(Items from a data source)
++++

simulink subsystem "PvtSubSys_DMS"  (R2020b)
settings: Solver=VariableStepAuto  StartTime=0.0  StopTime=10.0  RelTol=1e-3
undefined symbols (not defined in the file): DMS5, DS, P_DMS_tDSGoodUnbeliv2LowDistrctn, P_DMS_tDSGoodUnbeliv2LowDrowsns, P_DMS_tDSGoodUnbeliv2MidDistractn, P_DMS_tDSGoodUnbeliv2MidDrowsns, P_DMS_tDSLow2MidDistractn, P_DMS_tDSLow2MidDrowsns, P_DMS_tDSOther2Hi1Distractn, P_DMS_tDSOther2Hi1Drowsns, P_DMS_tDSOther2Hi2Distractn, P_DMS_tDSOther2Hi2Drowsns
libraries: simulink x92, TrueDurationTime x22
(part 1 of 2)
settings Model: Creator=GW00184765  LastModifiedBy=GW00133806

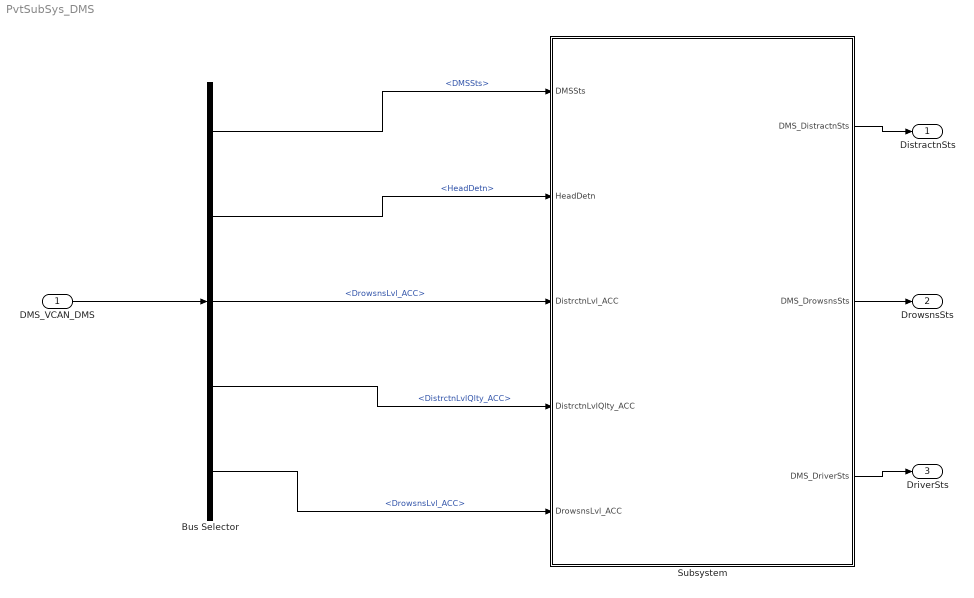
== system PvtSubSys_DMS ==
  DMS_VCAN_DMS : Inport  OutDataTypeStr=Bus: VCAN_DMS_MSG_BUS  PortDimensions=1  BusOutputAsStruct=on
  Bus Selector : BusSelector  OutputSignals=DMSSts,HeadDetn,DrowsnsLvl_ACC,DistrctnLvlQlty_ACC,DrowsnsLvl_ACC
  Subsystem : Subsystem
  DistractnSts : Outport  OutDataTypeStr=uint8  PortDimensions=1  BusOutputAsStruct=on
  DrowsnsSts : Outport  Port=2  OutDataTypeStr=uint8  PortDimensions=1  BusOutputAsStruct=on
  DriverSts : Outport  Port=3  OutDataTypeStr=uint8  PortDimensions=1  BusOutputAsStruct=on
  wires:
  Bus Selector/5 -> Subsystem/5(DrowsnsLvl_ACC)  "<DrowsnsLvl_ACC>"
  Bus Selector/2 -> Subsystem/2(HeadDetn)  "<HeadDetn>"
  Bus Selector/4 -> Subsystem/4(DistrctnLvlQlty_ACC)  "<DistrctnLvlQlty_ACC>"
  DMS_VCAN_DMS/1 -> Bus Selector/1
  Bus Selector/1 -> Subsystem/1(DMSSts)  "<DMSSts>"
  Bus Selector/3 -> Subsystem/3(DistrctnLvl_ACC)  "<DrowsnsLvl_ACC>"
  Subsystem/2(DMS_DrowsnsSts) -> DrowsnsSts/1
  Subsystem/1(DMS_DistractnSts) -> DistractnSts/1
  Subsystem/3(DMS_DriverSts) -> DriverSts/1

== system PvtSubSys_DMS/Subsystem ==
  DMSSts : Inport  OutDataTypeStr=uint8  PortDimensions=1  Interpolate=off  BusOutputAsStruct=on
  HeadDetn : Inport  Port=2  OutDataTypeStr=boolean  PortDimensions=1  Interpolate=off  BusOutputAsStruct=on
  DistrctnLvl_ACC : Inport  Port=3  OutDataTypeStr=uint8  PortDimensions=1  Interpolate=off  BusOutputAsStruct=on
  DistrctnLvlQlty_ACC : Inport  Port=4  OutDataTypeStr=uint8  PortDimensions=1  Interpolate=off  BusOutputAsStruct=on
  DrowsnsLvl_ACC : Inport  Port=5  OutDataTypeStr=uint8  PortDimensions=1  Interpolate=off  BusOutputAsStruct=on
  DS : Subsystem  AncestorBlock=DMS5/DS
  DMS_DistractnSts : Outport
  DMS_DrowsnsSts : Outport  Port=2
  DMS_DriverSts : Outport  Port=3
  wires:
  DrowsnsLvl_ACC/1 -> DS/5(canDrowsnsLevel)
  DistrctnLvlQlty_ACC/1 -> DS/4(canDistrctnQlty)
  DistrctnLvl_ACC/1 -> DS/3(canDistrctnLevel)
  DMSSts/1 -> DS/1(canDMSSts)
  HeadDetn/1 -> DS/2(canHeadDetn)
  DS/3(DriverSts) -> DMS_DriverSts/1  "DMS_DriverSts"
  DS/2(DrowsnsSts) -> DMS_DrowsnsSts/1  "DMS_DrowsnsSts"
  DS/1(DistractnSts) -> DMS_DistractnSts/1  "DMS_DistractnSts"

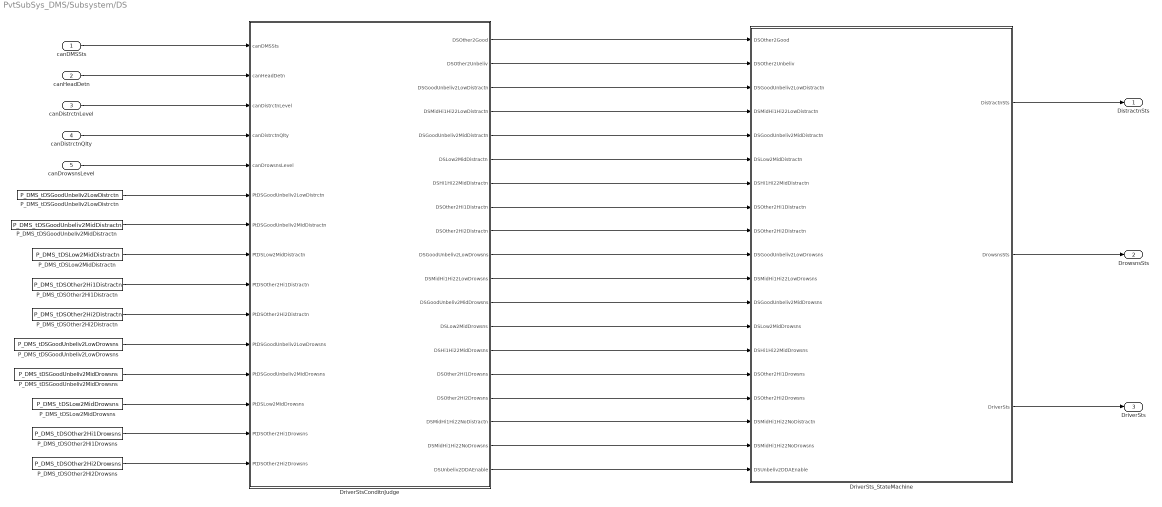
== system PvtSubSys_DMS/Subsystem/DS ==
  canDMSSts : Inport  OutDataTypeStr=uint8
  canHeadDetn : Inport  Port=2  OutDataTypeStr=boolean
  canDistrctnLevel : Inport  Port=3  OutDataTypeStr=uint8
  canDistrctnQlty : Inport  Port=4  OutDataTypeStr=uint8
  canDrowsnsLevel : Inport  Port=5  OutDataTypeStr=uint8
  DriverStsConditnJudge : Subsystem
  DriverSts_StateMachine : Stateflow chart  TreatAsAtomicUnit=on
  P_DMS_tDSGoodUnbeliv2LowDistrctn : Constant  Value=P_DMS_tDSGoodUnbeliv2LowDistrctn
  P_DMS_tDSGoodUnbeliv2LowDrowsns : Constant  Value=P_DMS_tDSGoodUnbeliv2LowDrowsns
  P_DMS_tDSGoodUnbeliv2MidDistractn : Constant  Value=P_DMS_tDSGoodUnbeliv2MidDistractn
  P_DMS_tDSGoodUnbeliv2MidDrowsns : Constant  Value=P_DMS_tDSGoodUnbeliv2MidDrowsns
  P_DMS_tDSLow2MidDistractn : Constant  Value=P_DMS_tDSLow2MidDistractn
  P_DMS_tDSLow2MidDrowsns : Constant  Value=P_DMS_tDSLow2MidDrowsns
  P_DMS_tDSOther2Hi1Distractn : Constant  Value=P_DMS_tDSOther2Hi1Distractn
  P_DMS_tDSOther2Hi1Drowsns : Constant  Value=P_DMS_tDSOther2Hi1Drowsns
  P_DMS_tDSOther2Hi2Distractn : Constant  Value=P_DMS_tDSOther2Hi2Distractn
  P_DMS_tDSOther2Hi2Drowsns : Constant  Value=P_DMS_tDSOther2Hi2Drowsns
  DistractnSts : Outport  OutDataTypeStr=uint8
  DrowsnsSts : Outport  Port=2  OutDataTypeStr=uint8
  DriverSts : Outport  Port=3  OutDataTypeStr=uint8
  wires:
  canDistrctnLevel/1 -> DriverStsConditnJudge/3(canDistrctnLevel)
  canDistrctnQlty/1 -> DriverStsConditnJudge/4(canDistrctnQlty)
  canHeadDetn/1 -> DriverStsConditnJudge/2(canHeadDetn)
  canDrowsnsLevel/1 -> DriverStsConditnJudge/5(canDrowsnsLevel)
  canDMSSts/1 -> DriverStsConditnJudge/1(canDMSSts)
  P_DMS_tDSGoodUnbeliv2LowDistrctn/1 -> DriverStsConditnJudge/6(PtDSGoodUnbeliv2LowDistrctn)
  P_DMS_tDSGoodUnbeliv2MidDistractn/1 -> DriverStsConditnJudge/7(PtDSGoodUnbeliv2MidDistractn)
  P_DMS_tDSLow2MidDistractn/1 -> DriverStsConditnJudge/8(PtDSLow2MidDistractn)
  P_DMS_tDSOther2Hi1Distractn/1 -> DriverStsConditnJudge/9(PtDSOther2Hi1Distractn)
  P_DMS_tDSOther2Hi2Distractn/1 -> DriverStsConditnJudge/10(PtDSOther2Hi2Distractn)
  P_DMS_tDSGoodUnbeliv2LowDrowsns/1 -> DriverStsConditnJudge/11(PtDSGoodUnbeliv2LowDrowsns)
  P_DMS_tDSGoodUnbeliv2MidDrowsns/1 -> DriverStsConditnJudge/12(PtDSGoodUnbeliv2MidDrowsns)
  P_DMS_tDSLow2MidDrowsns/1 -> DriverStsConditnJudge/13(PtDSLow2MidDrowsns)
  P_DMS_tDSOther2Hi1Drowsns/1 -> DriverStsConditnJudge/14(PtDSOther2Hi1Drowsns)
  P_DMS_tDSOther2Hi2Drowsns/1 -> DriverStsConditnJudge/15(PtDSOther2Hi2Drowsns)
  DriverStsConditnJudge/1(DSOther2Good) -> DriverSts_StateMachine/1(DSOther2Good)
  DriverStsConditnJudge/2(DSOther2Unbeliv) -> DriverSts_StateMachine/2(DSOther2Unbeliv)
  DriverStsConditnJudge/3(DSGoodUnbeliv2LowDistractn) -> DriverSts_StateMachine/3(DSGoodUnbeliv2LowDistractn)
  DriverStsConditnJudge/4(DSMidHi1Hi22LowDistractn) -> DriverSts_StateMachine/4(DSMidHi1Hi22LowDistractn)
  DriverStsConditnJudge/5(DSGoodUnbeliv2MidDistractn) -> DriverSts_StateMachine/5(DSGoodUnbeliv2MidDistractn)
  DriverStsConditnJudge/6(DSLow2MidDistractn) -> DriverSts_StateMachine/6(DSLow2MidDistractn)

++++

- **About this exercise**
Across the records above, show each line containing the word "Selector".

- **Response for this exercise**
  Bus Selector : BusSelector  OutputSignals=DMSSts,HeadDetn,DrowsnsLvl_ACC,DistrctnLvlQlty_ACC,DrowsnsLvl_ACC
  Bus Selector/5 -> Subsystem/5(DrowsnsLvl_ACC)  "<DrowsnsLvl_ACC>"
  Bus Selector/2 -> Subsystem/2(HeadDetn)  "<HeadDetn>"
  Bus Selector/4 -> Subsystem/4(DistrctnLvlQlty_ACC)  "<DistrctnLvlQlty_ACC>"
  DMS_VCAN_DMS/1 -> Bus Selector/1
  Bus Selector/1 -> Subsystem/1(DMSSts)  "<DMSSts>"
  Bus Selector/3 -> Subsystem/3(DistrctnLvl_ACC)  "<DrowsnsLvl_ACC>"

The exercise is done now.